SEOUL (Reuters) - North Korean leader Kim Jong Un said his country is ready to mobilise its nuclear war deterrent and counter any United States (US) military clash, and criticised South Korea's new president for the first time, warning Seoul was pushing towards the brink of war.
Kim Jong Un made the remarks during a speech at an event to mark the 69th anniversary of the 27 July Korean War armistice, which left the two Koreas technically still at war, according to the official KCNA news agency on Thursday 28 July 2022.
The confrontation with the US posed nuclear threats since the 1950-53 war and required the North to achieve an "urgent historical task" of beefing up its self defence, Kim Jong Un said.
"Our armed forces are thoroughly prepared to respond to any crisis, and our nation's nuclear war deterrence is also fully ready to mobilise its absolute strength faithfully, accurately and promptly to its mission", he said.
Kim Jong Un also denounced South Korea's new conservative President Yoon Suk-yeol by name for the first time, accusing him of threatening the North's security and right to self defence.

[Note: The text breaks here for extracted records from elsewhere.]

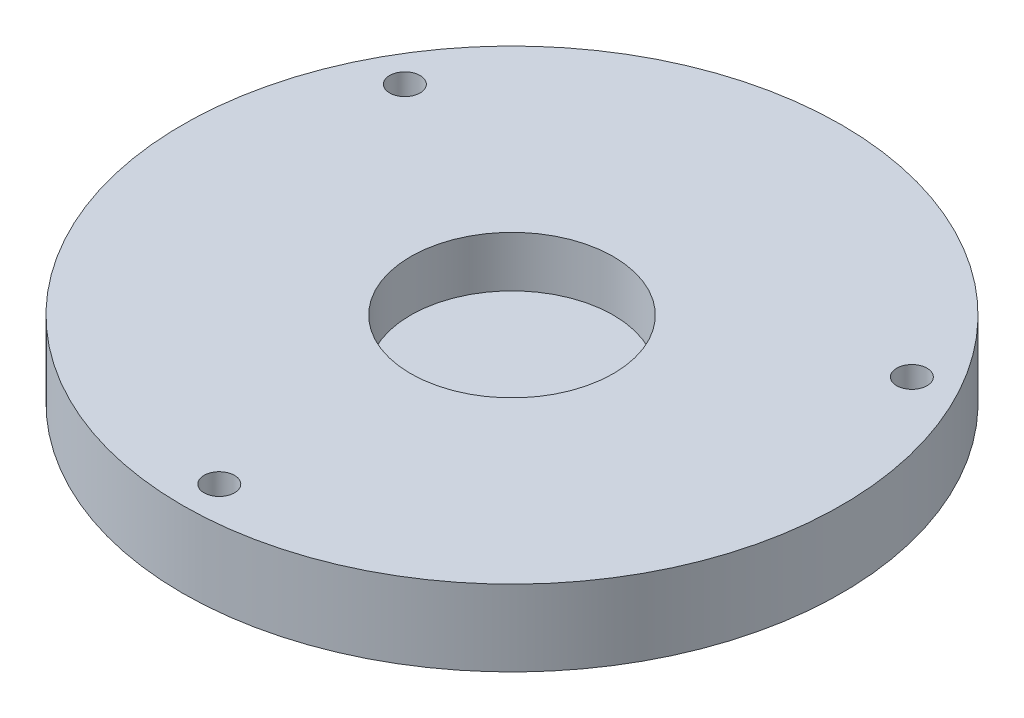
SolidWorks part; units mm, degrees
ref_plane "Спереди" through (0, 0, 0) normal (0, 0, 1) x (1, 0, 0)
ref_plane "Сверху" through (0, 0, 0) normal (0, 1, 0) x (1, 0, 0)
ref_plane "Справа" through (0, 0, 0) normal (1, 0, 0) x (0, 0, -1)
sketch "Эскиз2" plane through (0, 0, 0) normal (0, 1, 0) x (1, 0, 0)
  circle A0 centre (0, 0) radius 65
extrude "Бобышка-Вытянуть1" add sketch "Эскиз2" along normal blind 15 contours A0
sketch "Эскиз5" plane through (0, 15, 0) normal (0, 1, 0) x (1, 0, 0)
  line L0 (21.5923, 61.3088) -> (-23.7511, -67.4386) construction
  line L1 (-62.6325, 17.3829) -> (57.2195, -15.8806) construction
  circle A0 centre (0, 0) radius 65 construction
  circle A1 centre (0, 0) radius 20
extrude "Вырез-Вытянуть1" cut sketch "Эскиз5" against normal blind 10
sketch "Эскиз6" plane through (0, 0, 0) normal (0, -1, 0) x (1, 0, 0)
  line L0 (0, 65) -> (0, -65) construction
  line L1 (-65, 0) -> (65, 0) construction
  line L3 (0, 57.735) -> (-50, -28.8675)
  line L4 (-50, -28.8675) -> (50, -28.8675)
  line L5 (50, -28.8675) -> (0, 57.735)
  circle A0 centre (0, 0) radius 65 construction
  circle A1 centre (0, 0) radius 28.8675 construction
  circle A2 centre (0, 57.735) radius 3
  circle A3 centre (-50, -28.8675) radius 3
  circle A4 centre (50, -28.8675) radius 3
  dimension "D1" = 100
extrude "Вырез-Вытянуть2" cut sketch "Эскиз6" against normal blind 15 contours A2 | A3 | A4
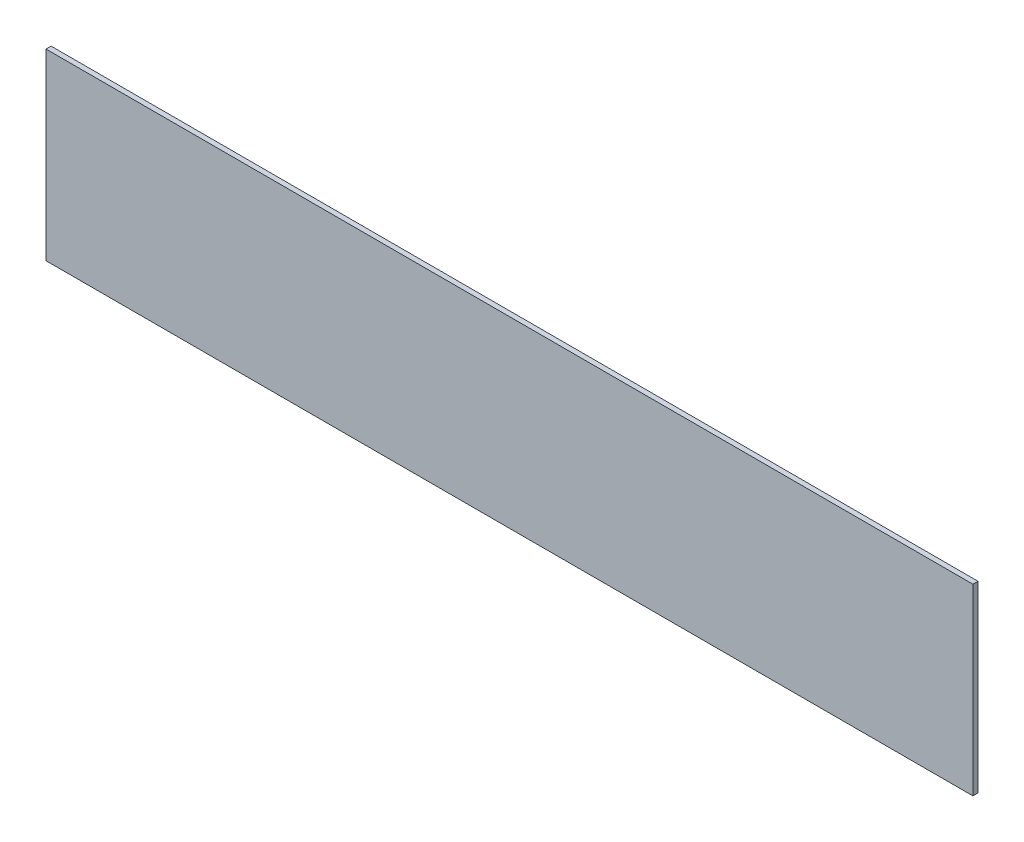
SolidWorks part; units mm, degrees
ref_plane "Front Plane" through (0, 0, 0) normal (0, 0, 1) x (1, 0, 0)
ref_plane "Top Plane" through (0, 0, 0) normal (0, 1, 0) x (1, 0, 0)
ref_plane "Right Plane" through (0, 0, 0) normal (1, 0, 0) x (0, 0, -1)
other "Configuration Table"
sketch "Sketch1" plane through (0, 0, 0) normal (0, 0, 1) x (1, 0, 0)
  line L1 (287, 623) -> (469, 623)
  line L2 (287, 623) -> (287, 659)
  line L3 (287, 659) -> (469, 659)
  line L4 (469, 623) -> (469, 659)
extrude "STORE_klape_kaset_kati_kulp_cukuru_1" add sketch "Sketch1" along normal blind 1 from offset 26 separate body

Yoon Suk-yeol's office expressed deep regret over Kim Jong Un's "menacing" remarks, saying South Korea is capable of "strongly and effectively" responding to any provocations at any time.
"We once again urge North Korea to take the path of dialogue to achieve substantive denuclearisation and peace", Yoon Suk-yeol's spokeswoman Kang In-sun told a briefing.
Kim Jong Un's speech came after Seoul and Washington officials said Pyongyang has completed preparations to conduct its first nuclear test since 2017.
South Korea's unification minister handling inter-Korean affairs said on Tuesday 26 July 2022 there was a "possibility" of the test around the anniversary of the armistice, though a military official said there were no immediate signs for it.
North Korea is likely to face stronger sanctions including measures targeting its cyberattack capabilities if it goes ahead with the test, South Korea's foreign minister said on Wednesday 27 July 2022.
In the speech, Kim Jong Un said Washington continues "dangerous, illegal hostile acts" against the North, and seeks to justify its behaviour by "demonising" the country.
The North has long accused the US of double standards over military activities and pursuing a hostile policy towards Pyongyang, saying it hampers a restart of talks aimed at dismantling the country's nuclear and missile programmes in return for sanctions relief.
"The duplex act of the United States, which is misleading all the routine actions of our armed forces as 'provocation' and 'threat' while holding large-scale joint military exercises that seriously threaten our security, is literally a robbery", Kim Jong Un said. "That is driving bilateral relations to the point where it is difficult to turn back, into a state of conflict".
Kim Jong Un also said that "warmongers" and "disgusting thugs" in Yoon Suk-yeol's administration are bent on confrontational military activities, singling out Seoul's weapons developments and drive to bring back US nuclear strategic assets as well as allied military drills.
Their "heinous confrontational policy" toward the North and "toadyish, treacherous acts" are pushing the situation to the brink of war, he said.
North Korea in recent months has tested hypersonic missiles and missiles that it says could carry tactical nuclear weapons, narrowing the time that Seoul would have to respond to a pending attack.
Yoon Suk-yeol has vowed to complete the so-called "Kill Chain" system that calls for preemptive strikes against the North's missiles and possibly its leadership if an imminent attack is detected.
But that system would never be able to cover the North's "absolute weapon", Kim Jong Un said.
"Such a dangerous attempt will immediately be punished by a powerful force, and Yoon Suk-yeol's government and his army will be annihilated", he said.
Seoul's defence ministry said it would continue reinforcing its own capabilities and the US extended deterrence including its nuclear umbrella to better respond to Pyongyang's threats.
Yang Moo-jin, a professor at the University of North Korean Studies in Seoul, said Kim Jong Un's remarks seem to be intended to highlight the legitimacy for weapons developments and his "eye for eye" approach toward Washington and Seoul.